---
name: tai-theme-quality-metrics-and-improvement-curves
description: 'Use the Testing AI theme Quality Metrics and Improvement Curves to plan, review, or teach related AI quality work. Applies concepts and techniques from the book to testing AI, AI-generated software, and non-deterministic systems when relevant.'
---

# Quality Metrics and Improvement Curves

Skill name: `tai-theme-quality-metrics-and-improvement-curves`

Based on **Testing AI: Engineering Confidence in AI Systems** by **Jason Arbon**.

## Theme Purpose

Use these approaches when building 0-1 quality metrics, weighting sub-scores, using confidence intervals for release decisions, and explaining asymptotic AI quality curves.

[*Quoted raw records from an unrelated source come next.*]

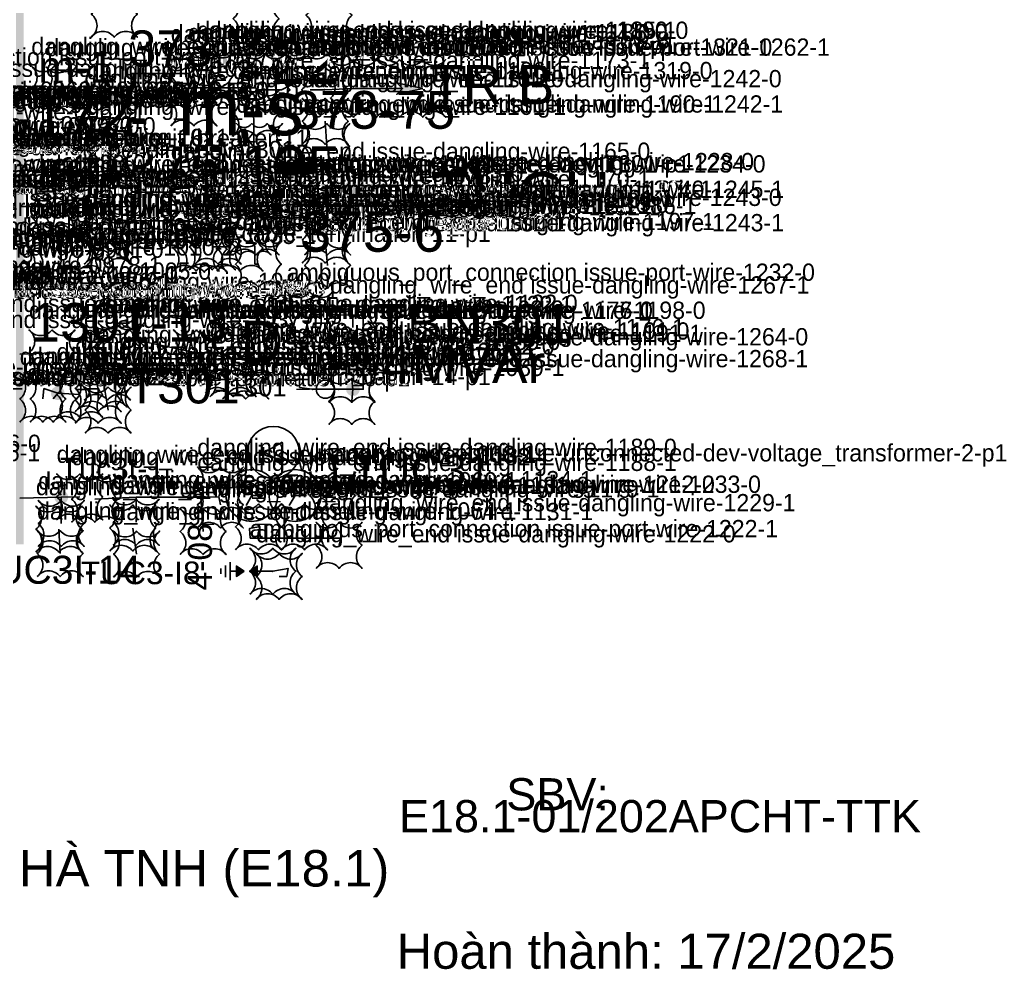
# Model space of a CAD drawing. Header units: millimetres. Extents: x -274 to 321, y 3 to 213.
# Drawn here: x 235.8 to 321.4, y 5.3 to 87.7 of the extents above; entities that cross this region are included whole.
import ezdxf

# ---------------------------------------------------------------- set-up
doc = ezdxf.new("R2010")
doc.units = ezdxf.units.MM
doc.layers.add('AI_REVIEW', color=2, linetype='Continuous')
doc.layers.add('TEXT', color=7, linetype='Continuous')
for name, color, linetype, lineweight in [('BUSBAR_35KV', 30, 'Continuous', 50), ('MV_35KV', 30, 'Continuous', 25), ('SLD_OTHER', 7, 'Continuous', 25)]:
    doc.layers.add(name, color=color, linetype=linetype, lineweight=lineweight)
doc.layers.add('SYM_PORTS', color=8, linetype='Continuous', plot=False)
doc.styles.add('SLD_TEXT', font='arial.ttf')

# ---------------------------------------------------------------- blocks, each defined once
blk = doc.blocks.new('SYM_CIRCUIT_BREAKER')
at = {"lineweight": 25}
blk.add_lwpolyline([(-1.25, 2.5), (1.25, 2.5), (1.25, -2.5), (-1.25, -2.5)], close=True, dxfattribs=at)
at = {"layer": 'SYM_PORTS'}
for p in [(0, 2.5), (0, -2.5)]:
    blk.add_point(p, dxfattribs=at)
blk.add_attdef('DEVICE_CODE', (2.25, -0.5), '', height=2)
at = {"flags": 1}
blk.add_attdef('RATING', (2.25, -3.5), '', height=2, dxfattribs=at)
blk = doc.blocks.new('SYM_DISCONNECTOR_OPEN')
at = {"lineweight": 25}
for points in [[(0, 2.5), (0, 1.25)], [(0, -1.25), (-1.125, 1)], [(0, -1.25), (0, -2.5)]]:
    blk.add_lwpolyline(points, dxfattribs=at)
at = {"layer": 'SYM_PORTS'}
for p in [(0, 2.5), (0, -2.5)]:
    blk.add_point(p, dxfattribs=at)
blk.add_attdef('DEVICE_CODE', (1, -0.5), '', height=2)
blk = doc.blocks.new('SYM_LINE_FEEDER_ARROW')
blk.add_hatch(color=7).paths.add_polyline_path([(0, -3), (-0.5, -0.75), (0, -1.25), (0.5, -0.75)])
at = {"lineweight": 25}
blk.add_lwpolyline([(0, 3), (0, -1.25)], dxfattribs=at)
blk.add_lwpolyline([(0, -3), (-0.5, -0.75), (0, -1.25), (0.5, -0.75)], close=True, dxfattribs=at)
at = {"layer": 'SYM_PORTS'}
blk.add_point((0, 3), dxfattribs=at)
blk.add_attdef('LINE_NAME', (1.5, 0), '', height=2)
blk = doc.blocks.new('SYM_COUPLING_CAPACITOR')
at = {"lineweight": 25}
for points in [[(0, 1.25), (0, 0.25)], [(-0.75, 0.25), (0.75, 0.25)], [(-0.75, -0.25), (0.75, -0.25)], [(0, -0.25), (0, -1.25)]]:
    blk.add_lwpolyline(points, dxfattribs=at)
at = {"layer": 'SYM_PORTS'}
for p in [(0, 1.25), (0, -1.25)]:
    blk.add_point(p, dxfattribs=at)
blk.add_attdef('DEVICE_CODE', (1.75, -1.75), '', height=2)
blk = doc.blocks.new('SYM_CURRENT_TRANSFORMER')
at = {"lineweight": 25}
blk.add_lwpolyline([(0, 1.25), (0, -1.25)], dxfattribs=at)
blk.add_circle((0, 0), 0.875, dxfattribs=at)
at = {"layer": 'SYM_PORTS'}
for p in [(0, 1.25), (0, -1.25)]:
    blk.add_point(p, dxfattribs=at)
blk.add_attdef('DEVICE_CODE', (1.875, -1.75), '', height=2)
at = {"flags": 1}
blk.add_attdef('RATIO', (1.875, -4.75), '', height=2, dxfattribs=at)
blk = doc.blocks.new('SYM_VOLTAGE_TRANSFORMER')
at = {"lineweight": 25}
for points in [[(0, 4.625), (0, 3.625)], [(0, 1.375), (0, 2.375)], [(0, 1.375), (-0.8625, 0.875)], [(0, 1.375), (0.8625, 0.875)], [(0, -2.375), (0, -1.375)], [(0, -2.375), (-0.8625, -2.875)], [(0, -2.375), (0.8625, -2.875)]]:
    blk.add_lwpolyline(points, dxfattribs=at)
blk.add_lwpolyline([(2.875, 0.25), (4.625, 0.25), (3.75, -1.25)], close=True, dxfattribs=at)
for centre in [(0, 1.375), (3.75, -0.5), (0, -2.375)]:
    blk.add_circle(centre, 2.25, dxfattribs=at)
at = {"layer": 'SYM_PORTS'}
blk.add_point((0, 4.625), dxfattribs=at)
blk.add_attdef('DEVICE_CODE', (7, 1.625), '', height=2)
at = {"flags": 1}
blk.add_attdef('RATIO', (7, -1.375), '', height=2, dxfattribs=at)
blk = doc.blocks.new('SYM_SPARK_GAP')
for points in [[(0, 0.25), (-0.5, 1), (0.5, 1)], [(0, -0.25), (-0.5, -1), (0.5, -1)]]:
    blk.add_hatch(color=7).paths.add_polyline_path(points)
at = {"lineweight": 25}
for points in [[(0, 2.5), (0, 1)], [(-0.875, -1.625), (0.875, -1.625)], [(0, -1), (0, -1.625)], [(-0.5625, -2.0625), (0.5625, -2.0625)], [(-0.25, -2.5), (0.25, -2.5)]]:
    blk.add_lwpolyline(points, dxfattribs=at)
for points in [[(0, 0.25), (-0.5, 1), (0.5, 1)], [(0, -0.25), (-0.5, -1), (0.5, -1)]]:
    blk.add_lwpolyline(points, close=True, dxfattribs=at)
at = {"layer": 'SYM_PORTS'}
blk.add_point((0, 2.5), dxfattribs=at)
blk.add_attdef('DEVICE_CODE', (1.875, -0.5), '', height=2)

msp = doc.modelspace()

# ---------------------------------------------------------------- hatches: boundary and pattern name
at = {"layer": 'MV_35KV'}
h = msp.add_hatch(color=7, dxfattribs=at)
edge = h.paths.add_edge_path()
edge.add_arc((239.4, 46.275), 0.6, 0, 360)
at = {"layer": 'SLD_OTHER'}
h = msp.add_hatch(color=7, dxfattribs=at)
edge = h.paths.add_edge_path()
edge.add_arc((239.1, 55.3), 0.6, 0, 360)
h = msp.add_hatch(color=7, dxfattribs=at)
edge = h.paths.add_edge_path()
edge.add_arc((264.7, 55.65), 0.6, 0, 360)

# ---------------------------------------------------------------- linework, layer by layer
at = {"layer": 'AI_REVIEW'}
for points in [[(242, 86.2, -0.5), (244, 86.2, -0.5), (246, 86.2, -0.5), (246, 88.2, -0.5), (246, 90.2, -0.5), (244, 90.2, -0.5), (242, 90.2, -0.5), (242, 88.2, -0.5)], [(260.625, 86.1, -0.5), (262.625, 86.1, -0.5), (264.625, 86.1, -0.5), (264.625, 88.1, -0.5), (264.625, 90.1, -0.5), (262.625, 90.1, -0.5), (260.625, 90.1, -0.5), (260.625, 88.1, -0.5)], [(254.3, 85.8, -0.5), (256.3, 85.8, -0.5), (258.3, 85.8, -0.5), (258.3, 87.8, -0.5), (258.3, 89.8, -0.5), (256.3, 89.8, -0.5), (254.3, 89.8, -0.5), (254.3, 87.8, -0.5)], [(248.9, 80.8, -0.5), (250.9, 80.8, -0.5), (252.9, 80.8, -0.5), (252.9, 82.8, -0.5), (252.9, 84.8, -0.5), (250.9, 84.8, -0.5), (248.9, 84.8, -0.5), (248.9, 82.8, -0.5)], [(250.4, 80.9, -0.5), (252.4, 80.9, -0.5), (254.4, 80.9, -0.5), (254.4, 82.9, -0.5), (254.4, 84.9, -0.5), (252.4, 84.9, -0.5), (250.4, 84.9, -0.5), (250.4, 82.9, -0.5)], [(251.2, 81.1, -0.5), (253.2, 81.1, -0.5), (255.2, 81.1, -0.5), (255.2, 83.1, -0.5), (255.2, 85.1, -0.5), (253.2, 85.1, -0.5), (251.2, 85.1, -0.5), (251.2, 83.1, -0.5)], [(252.2, 81.1, -0.5), (254.2, 81.1, -0.5), (256.2, 81.1, -0.5), (256.2, 83.1, -0.5), (256.2, 85.1, -0.5), (254.2, 85.1, -0.5), (252.2, 85.1, -0.5), (252.2, 83.1, -0.5)], [(255.25, 79.637, -0.5), (257.05, 79.637, -0.5), (258.85, 79.637, -0.5), (260.65, 79.637, -0.5), (262.45, 79.637, -0.5), (264.25, 79.637, -0.5), (264.25, 81.345, -0.5), (264.25, 83.054, -0.5), (264.25, 84.762, -0.5), (262.45, 84.762, -0.5), (260.65, 84.762, -0.5), (258.85, 84.762, -0.5), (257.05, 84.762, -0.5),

Apply these concepts when testing AI, AI-generated software, model-backed features, agents, search, chatbots, RAG systems, generated code, dynamic interfaces, or other software whose behavior can vary across runs, users, data, tools, or time.

## How To Use This Theme

- Identify the behavior, capability, risk, or release decision being evaluated.
- Choose the relevant concepts below and turn them into concrete eval cases, samples, traces, checks, rubrics, metrics, or release gates.
- Prefer evidence that supports a decision: ship, canary, hold, rollback, or collect more samples.
- Report by slices and severe failures when averages hide risk.
- Preserve enough evidence that another person or agent can understand what was tested, how it was measured, and why the recommendation follows.

## Concepts And Techniques To Apply

- Build explicit 0-1 quality metrics from weighted sub-scores that match product value and risk.
- Use confidence intervals around quality metrics before deciding whether to release.
- For search, use NDCG or similar graded relevance metrics when ranking position matters.
- Expect AI quality curves to improve quickly at first, then taper asymptotically, with perfection remaining out of reach.

## Reporting Guidance

- State what was tested and what population the evidence represents.
- Explain uncertainty, missing coverage, severe failures, and known blind spots.
- Connect findings to a concrete decision or next action.
- Use topic-specific chapter skills only when deeper detail is needed; this theme skill should stand alone as practical guidance.